Brindisi, 07/05/2009

Bonifiche zona industriale, Mennitti: "si apre uno spiraglio"

Si è svolta stamani, nella Sala Giunta di Palazzo Nervegna, la conferenza stampa convocata dal Sindaco Domenico Mennitti e dall’Assessore all’Urbanistica Massimo Ciullo in merito all’applicazione delle norme ambientali nell’ambito del Sito di interesse nazionale di Brindisi, soprattutto per quanto riguarda gli interventi che non interagiscono con esigenze di bonifica, né sono relazionabili con stati di effettivo inquinamento dei siti interessati.

Come è noto, la vicenda parte da una riunione svoltasi in data 20 ottobre 1999 presso il Ministero dell’Ambiente con i rappresentanti dell’Amministrazione comunale dell’epoca, in cui fu concordato l’ambito territoriale da inserire nel perimetro entro il quale procedere alla “caratterizzazione” ed alla successiva progettazione degli interventi di messa in sicurezza, bonifica e ripristino ambientale.
Da quell’incontro, scaturì l’emanazione da parte del Ministero del Decreto del 10 gennaio 2000 con il quale si sancì la “Perimetrazione del sito di interesse nazionale di Brindisi”. “Una perimetrazione – ha affermato l’assessore Ciullo nel corso dell’incontro - determinata, essenzialmente, sulla base delle planimetrie e relazioni comunali, in particolare la n. 76845/99 dell’Assessorato all’Ecologia, che rappresentò una estesa ubicazione delle aree da perimetrare ai sensi della legge n. 426/1998 e, quindi, al fine dei relativi interventi di bonifica”.

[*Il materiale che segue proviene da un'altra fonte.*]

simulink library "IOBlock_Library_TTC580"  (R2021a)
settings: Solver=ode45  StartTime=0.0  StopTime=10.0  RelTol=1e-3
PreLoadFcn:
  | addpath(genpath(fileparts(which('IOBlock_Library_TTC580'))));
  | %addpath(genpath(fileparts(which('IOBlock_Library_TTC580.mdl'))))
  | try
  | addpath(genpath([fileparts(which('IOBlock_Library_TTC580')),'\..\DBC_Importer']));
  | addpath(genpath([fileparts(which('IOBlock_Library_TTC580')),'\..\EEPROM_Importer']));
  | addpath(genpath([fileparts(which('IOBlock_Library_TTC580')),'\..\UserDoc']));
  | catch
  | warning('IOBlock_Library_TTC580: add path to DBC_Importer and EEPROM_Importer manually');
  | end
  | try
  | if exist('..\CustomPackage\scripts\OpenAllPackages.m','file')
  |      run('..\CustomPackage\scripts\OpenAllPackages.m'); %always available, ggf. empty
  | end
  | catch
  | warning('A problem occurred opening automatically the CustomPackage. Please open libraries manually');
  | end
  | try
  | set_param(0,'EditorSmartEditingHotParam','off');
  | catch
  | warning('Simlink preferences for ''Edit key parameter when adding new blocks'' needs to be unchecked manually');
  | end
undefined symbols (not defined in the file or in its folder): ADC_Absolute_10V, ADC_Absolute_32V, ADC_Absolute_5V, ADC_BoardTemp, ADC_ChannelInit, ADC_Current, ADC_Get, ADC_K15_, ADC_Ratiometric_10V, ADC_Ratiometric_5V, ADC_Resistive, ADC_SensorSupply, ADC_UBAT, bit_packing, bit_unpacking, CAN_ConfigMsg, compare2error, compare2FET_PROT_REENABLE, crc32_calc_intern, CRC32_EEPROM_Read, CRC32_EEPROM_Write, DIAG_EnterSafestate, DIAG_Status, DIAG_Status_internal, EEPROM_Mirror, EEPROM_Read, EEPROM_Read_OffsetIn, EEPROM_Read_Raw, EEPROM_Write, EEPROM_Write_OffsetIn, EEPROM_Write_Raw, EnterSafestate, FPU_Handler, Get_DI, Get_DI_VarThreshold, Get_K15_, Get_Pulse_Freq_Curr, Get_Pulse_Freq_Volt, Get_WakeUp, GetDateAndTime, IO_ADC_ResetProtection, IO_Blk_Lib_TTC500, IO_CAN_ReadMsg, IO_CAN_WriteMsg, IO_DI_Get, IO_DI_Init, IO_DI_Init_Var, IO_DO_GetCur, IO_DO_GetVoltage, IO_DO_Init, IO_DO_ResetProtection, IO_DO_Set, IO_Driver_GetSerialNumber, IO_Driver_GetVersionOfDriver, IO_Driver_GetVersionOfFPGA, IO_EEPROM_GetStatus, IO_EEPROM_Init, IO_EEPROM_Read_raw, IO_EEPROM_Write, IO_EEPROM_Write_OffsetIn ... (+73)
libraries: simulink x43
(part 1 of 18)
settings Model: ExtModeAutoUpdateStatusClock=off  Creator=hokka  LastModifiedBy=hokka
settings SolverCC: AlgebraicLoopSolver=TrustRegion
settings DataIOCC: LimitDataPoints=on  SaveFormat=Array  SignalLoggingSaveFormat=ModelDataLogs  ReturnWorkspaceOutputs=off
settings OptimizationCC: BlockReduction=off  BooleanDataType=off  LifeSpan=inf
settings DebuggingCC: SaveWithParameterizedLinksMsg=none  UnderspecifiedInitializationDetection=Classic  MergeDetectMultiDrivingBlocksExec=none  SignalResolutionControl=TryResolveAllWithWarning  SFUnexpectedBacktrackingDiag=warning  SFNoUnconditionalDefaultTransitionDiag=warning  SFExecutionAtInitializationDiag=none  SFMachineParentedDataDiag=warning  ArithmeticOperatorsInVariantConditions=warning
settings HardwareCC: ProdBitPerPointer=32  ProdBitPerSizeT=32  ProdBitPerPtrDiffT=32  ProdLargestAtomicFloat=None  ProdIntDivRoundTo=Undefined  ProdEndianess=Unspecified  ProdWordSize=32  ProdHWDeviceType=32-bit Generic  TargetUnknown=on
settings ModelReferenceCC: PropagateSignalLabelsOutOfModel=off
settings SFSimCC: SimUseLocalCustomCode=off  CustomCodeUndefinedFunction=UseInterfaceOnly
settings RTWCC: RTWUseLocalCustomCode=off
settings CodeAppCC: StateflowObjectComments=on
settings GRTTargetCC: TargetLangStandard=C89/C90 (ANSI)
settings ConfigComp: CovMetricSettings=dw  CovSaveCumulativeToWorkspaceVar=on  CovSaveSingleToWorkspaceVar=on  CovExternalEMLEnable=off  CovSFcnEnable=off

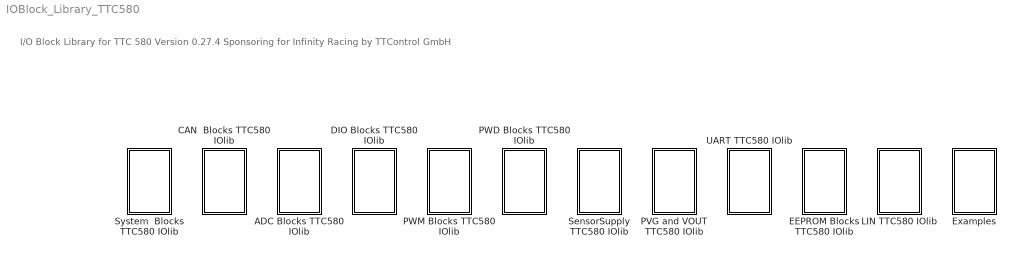
== system IOBlock_Library_TTC580 ==
  note: I/O Block Library for TTC 580
      | Version 0.27.4
      | Sponsoring for Infinity Racing by TTControl GmbH
  ADC Blocks TTC580 IOlib : Subsystem
  CAN  Blocks TTC580 IOlib : Subsystem
  DIO Blocks TTC580 IOlib : Subsystem
  EEPROM Blocks TTC580 IOlib : Subsystem
  Examples : Subsystem
  LIN TTC580 IOlib : Subsystem
  PVG and VOUT TTC580 IOlib : Subsystem
  PWD Blocks TTC580 IOlib : Subsystem
  PWM Blocks TTC580 IOlib : Subsystem
  SensorSupply TTC580 IOlib : Subsystem
  System  Blocks TTC580 IOlib : Subsystem
  UART TTC580 IOlib : Subsystem

== system IOBlock_Library_TTC580/ADC Blocks TTC580 IOlib ==
  ADC_Absolute_10V : Subsystem  LoadFcn=|  mask(ADC_Absolute_10V_Code){SampleTime=-1, ttlib=IO_Blk_Lib_TTC500, ttDescription=ADC_Absolute_10V, tt_iolib_version=0.26, adc_channel=IO_ADC_08, adc_type=IO_ADC_ABSOLUTE, range=IO_ADC_RANGE_10V, pupd=IO_ADC_NO_PULL, sensor_supply=IO_PIN_NONE}
      | try
      | %
      | %Upgrade Information - standard BEGIN
      | new_color = 'blue';
      | new_ver = '0.26';
      | act_ver = get_param(gcb,'tt_iolib_version');
      | if not(strcmp(act_ver,new_ver))
      |     disp(['Upgrade block: ',gcb,char(10),'       Version: ',act_ver,' to ',new_ver]);
      |     %switch - case for specific upgrade information e.g. additional parameter required 
      |     %Change appearance and version information
      |     set_param(gcb,'ForegroundColor',new_color);
      |     set_param(gcb,'tt_iolib_version',new_ver);
      | end
      | %Upgrade Information - standard END
      | catch
      | %Standard catch section BEGIN
      | errordlg('An error occurred in a callback of the TTC580-BlockLib. Please open the Diagnostic Viewer for further details');
      | disp(' ');
      | disp('------------------------------------------------------------');
      | disp('An error occurred in a callback of the TTC580-BlockLib.');
      | disp(['Please check the parameters in the mask of ',gcb]);
      | disp('If you do not encounter any violations, then please '); 
      | disp('copy the following lines and report this to support@ttcontrol.com ');
      | disp('<< begin of error message dump >>');
      | disp(['Version of TTC580-BlockLib: ', get_param(gcb,'tt_iolib_version')]);
      | disp(get_param(gcb,'ttDescription'));
      | disp(gcb);
      | x=lasterror;disp(x.message);
      | disp(get_param(gcb,'MaskValues'));
      | disp(version);
      | disp(computer);
      | disp('<< end of error message dump >>');
      | disp('------------------------------------------------------------');
      | disp(' ');
      | %Standard catch section END
      | end
      mask help: Returns the value of the given ADC channel: 0V..10V
      mask init:
      | try
      | %%CT>
      | TAG_loc = get_param(gcb,'Tag');
      | if ~isempty(TAG_loc),[~,y]=regexp(TAG_loc,'(^[a-zA-Z0-9_]*)');
      |     if isempty(y) || y~=builtin('length',(TAG_loc)) %don't use length() alone!
      |         error(['The Tag: ',TAG_loc,' needs to start with a letter and may only contain the characters 0-9,a-Z,_ .']);
      | end,end
      | x=find_system(gcbh,'FollowLinks','on','LookUnderMasks','on','BlockType','S-Function');
      | for i=1:builtin('length',(x)) %don't use length() alone!
      |     set_param(x(i),'Tag',TAG_loc);
      | end
      | %<CT%
      | 
      | catch
      | %Standard catch section BEGIN
      | errordlg('An error occurred in a callback of the TTC580-BlockLib. Please open the Diagnostic Viewer for further details');
      | disp(' ');
      | disp('------------------------------------------------------------');
      | disp('An error occurred in a callback of the TTC580-BlockLib.');
      | disp(['Please check the parameters in the mask of ',gcb]);
      | disp('If you do not encounter any violations, then please '); 
      | disp('copy the following lines and report this to support@ttcontrol.com ');
      | disp('<< begin of error message dump >>');
      | disp(['Version of TTC580-BlockLib: ', get_param(gcb,'tt_iolib_version')]);
      | disp(get_param(gcb,'ttDescription'));
      | disp(gcb);
      | x=lasterror;disp(x.message);
      | disp(get_param(gcb,'MaskValues'));
      | disp(version);
      | disp(computer);
      | disp('<< end of error message dump >>');
      | disp('------------------------------------------------------------');
      | disp(' ');
      | %Standard catch section END
      | end
      settings: CopyFcn=%deleted
      mask Help: web([which('usermanual.html'),'#',lower(get_param(gcb,'ttDescription'))])
      mask TypeOptions adc_channel: IO_ADC_08 | IO_ADC_09 | IO_ADC_10 | IO_ADC_11 | IO_ADC_12 | IO_ADC_13 | IO_ADC_14 | IO_ADC_15
      mask Callback adc_channel: %
      mask Callback adc_type: %
      mask Callback range: %
      mask Callback pupd: %
      mask Callback sensor_supply: %
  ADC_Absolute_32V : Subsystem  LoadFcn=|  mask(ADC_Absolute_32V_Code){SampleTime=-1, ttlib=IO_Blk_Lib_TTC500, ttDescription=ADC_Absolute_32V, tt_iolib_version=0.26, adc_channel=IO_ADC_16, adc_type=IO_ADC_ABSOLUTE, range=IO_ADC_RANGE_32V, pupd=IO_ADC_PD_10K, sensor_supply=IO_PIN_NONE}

Il decreto in questione, in sostanza, contemplava un'area estremamente vasta che non coincideva solo con la zona industriale, ma andava ben oltre.
“Ciò – ha affermato il sindaco Mennitti - ha significato l'imposizione di una serie di vincoli che, di fatto, nel corso di questi anni ha bloccato interventi, anche marginali, da parte di aziende che intendevano investire sul territorio. Oggi, invece, sulla scorta di una serie di pronunciamenti da parte del Tribunale Amministrativo che in alcuni aspetti ha modificato la rigidità dell'interpretazione del decreto ministeriale, si apre uno spiraglio”.
Per questo, l'assessore comunale all'Urbanistica Massimo Ciullo ha dato mandato ai suoi uffici di classificare le diverse tipologie di interventi realizzabili nel sito perimetrato, al fine di rimuovere quegli ostacoli che sino ad oggi hanno bloccato qualsiasi tipo di opera, anche la più marginale.